Postwar Movies

THOUGH the Hollywood movie seems to have hardened into a form and a way of seeing life and thinking about it that will never be essentially changed, I look for the following important events to occur in the motion-picture industry during the next century.

A device will soon be invented in Hollywood that will fulfill completely the producers’ desire to please every person in the movie-going public. The device will be shaped like a silo and worn over the face, and be designed for those people who sit in movies expecting to witness art. It will automatically remove from any movie photographic gloss, excess shadows, and smoothness, makeup from actors’ faces, the sound track and every third and fifth frame from the film in the interest of giving the movie cutting rhythm. It will jiggle the movie to give it more movement (also giving the acting a dance-like quality). To please those people who want complete fidelity to life it will put perspiration and flies on actors’ faces, dirt under their fingernails, wet the armpits of men’s shirts and scratch, flake and wear down the decor. It comes complete with the final amazing chase sequence from “Intolerance” and the scene from “The Birth of a Nation” in which the Little Sister decorates her ragged dress with wads of cotton, which it inserts whenever somebody is about to conduct an all-girl symphony. The gadget also does away with all audience noise.

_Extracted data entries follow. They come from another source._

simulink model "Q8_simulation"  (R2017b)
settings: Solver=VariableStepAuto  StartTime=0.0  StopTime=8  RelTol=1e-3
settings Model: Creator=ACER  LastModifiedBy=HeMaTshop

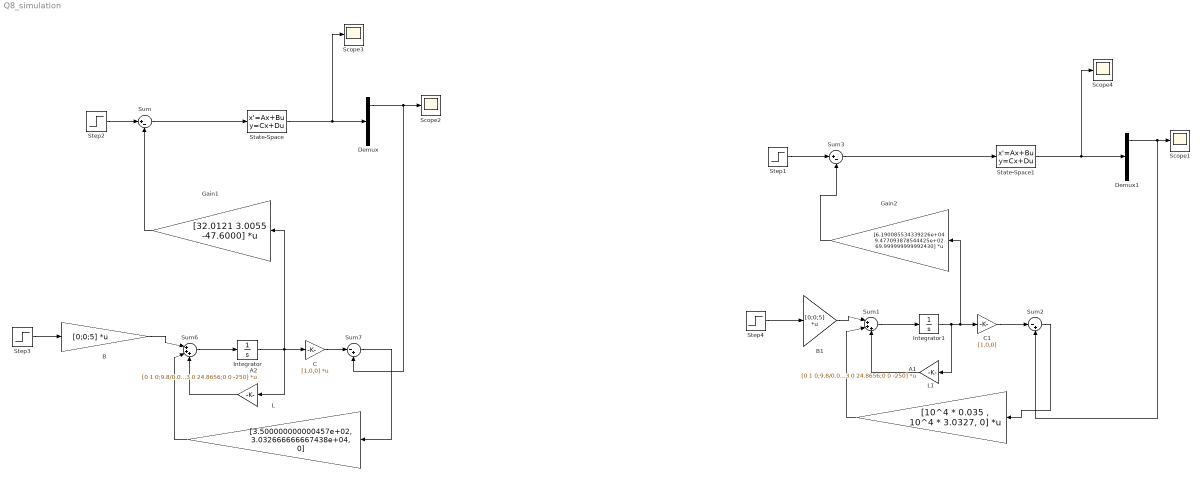
== system Q8_simulation ==
  A1 : Gain  Gain=[0 1 0;9.8/0.03 0 24.8656;0 0 -250]  Multiplication=Matrix(K*u)
  A2 : Gain  Gain=[0 1 0;9.8/0.03 0 24.8656;0 0 -250]  Multiplication=Matrix(K*u)
  B : Gain  Gain=[0;0;5]  Multiplication=Matrix(K*u)
  B1 : Gain  Gain=[0;0;5]  Multiplication=Matrix(K*u)
  C : Gain  Gain=[1,0,0]  Multiplication=Matrix(K*u)
  C1 : Gain  Gain=[1,0,0]
  Demux : Demux  Outputs=3
  Demux1 : Demux  Outputs=3
  Gain1 : Gain  Gain="[32.0121    3.0055  -47.6000]"  Multiplication=Matrix(K*u)
  Gain2 : Gain  Gain="[6.190085534339226e+04    9.477093878544425e+02  69.999999999992430]"  Multiplication=Matrix(K*u)
  Integrator : Integrator
  Integrator1 : Integrator
  L : Gain  Gain=[3.500000000000457e+02, 3.032666666667438e+04, 0]
  L1 : Gain  Gain=[10^4 * 0.035 , 10^4 * 3.0327, 0]  Multiplication=Matrix(K*u)
  Scope{1..4} (4 alike) : Scope
  State-Space : StateSpace  A=[0 1 0;9.8/0.03 0 24.8656;0 0 -250]  B=[0;0;5]  C=eye(3)  D=[0;0;0]  InitialCondition=0
  State-Space1 : StateSpace  A=[0 1 0;9.8/0.03 0 24.8656;0 0 -250]  B=[0;0;5]  C=eye(3)  D=[0;0;0]  InitialCondition=0
  Step{1..4} (4 alike) : Step  Time=0  SampleTime=0
  Sum : Sum  Inputs=|+-
  Sum1 : Sum  Inputs=|+++
  Sum2 : Sum  Inputs=|-+
  Sum3 : Sum  Inputs=|+-
  Sum6 : Sum  Inputs=|+++
  Sum7 : Sum  Inputs=|-+
  wires:
  Demux/1 -> Scope2/1, Sum7/2
  State-Space/1 -> Scope3/1, Demux/1
  Sum6/1 -> Integrator/1
  Integrator/1 -> Gain1/1, A2/1, C/1
  C/1 -> Sum7/1
  Sum7/1 -> L/1
  L/1 -> Sum6/2
  Step3/1 -> B/1
  B/1 -> Sum6/1
  C1/1 -> Sum2/1
  B1/1 -> Sum1/1
  Integrator1/1 -> A1/1, Gain2/1, C1/1
  Sum2/1 -> L1/1
  A1/1 -> Sum1/3
  Demux1/1 -> Sum2/2, Scope1/1
  Step4/1 -> B1/1
  L1/1 -> Sum1/2
  Sum1/1 -> Integrator1/1
  State-Space1/1 -> Scope4/1, Demux1/1
  A2/1 -> Sum6/3
  Gain1/1 -> Sum/2
  Step2/1 -> Sum/1
  Sum/1 -> State-Space/1
  Gain2/1 -> Sum3/2
  Step1/1 -> Sum3/1
  Sum3/1 -> State-Space1/1

Some other powers of the mask are that it gives each shot the quality through solidity of the stereoscope; it colors occasional shots red white and blue for those who go to the movies for political reasons; whenever there is a listing of film credits it changes the director’s name to von Stroheim, the title of the picture to “Greed,” and uses such actors’ names as Charlie Chaplin, Buster Keaton and W. C. Fields. The gadget will absolutely not show any shot in which Charles Winninger or Joan Fontaine appears and it comes complete with the Keaton two-reel comedy called “The Operator.” Though it is shaped like a silo it is made of plastic material, and carries on its outer surface a reproduction of the Mondrian painting, “Composition in Black, White and Red.” Thus the producers will keep free of all the worries that come from the comments of artists.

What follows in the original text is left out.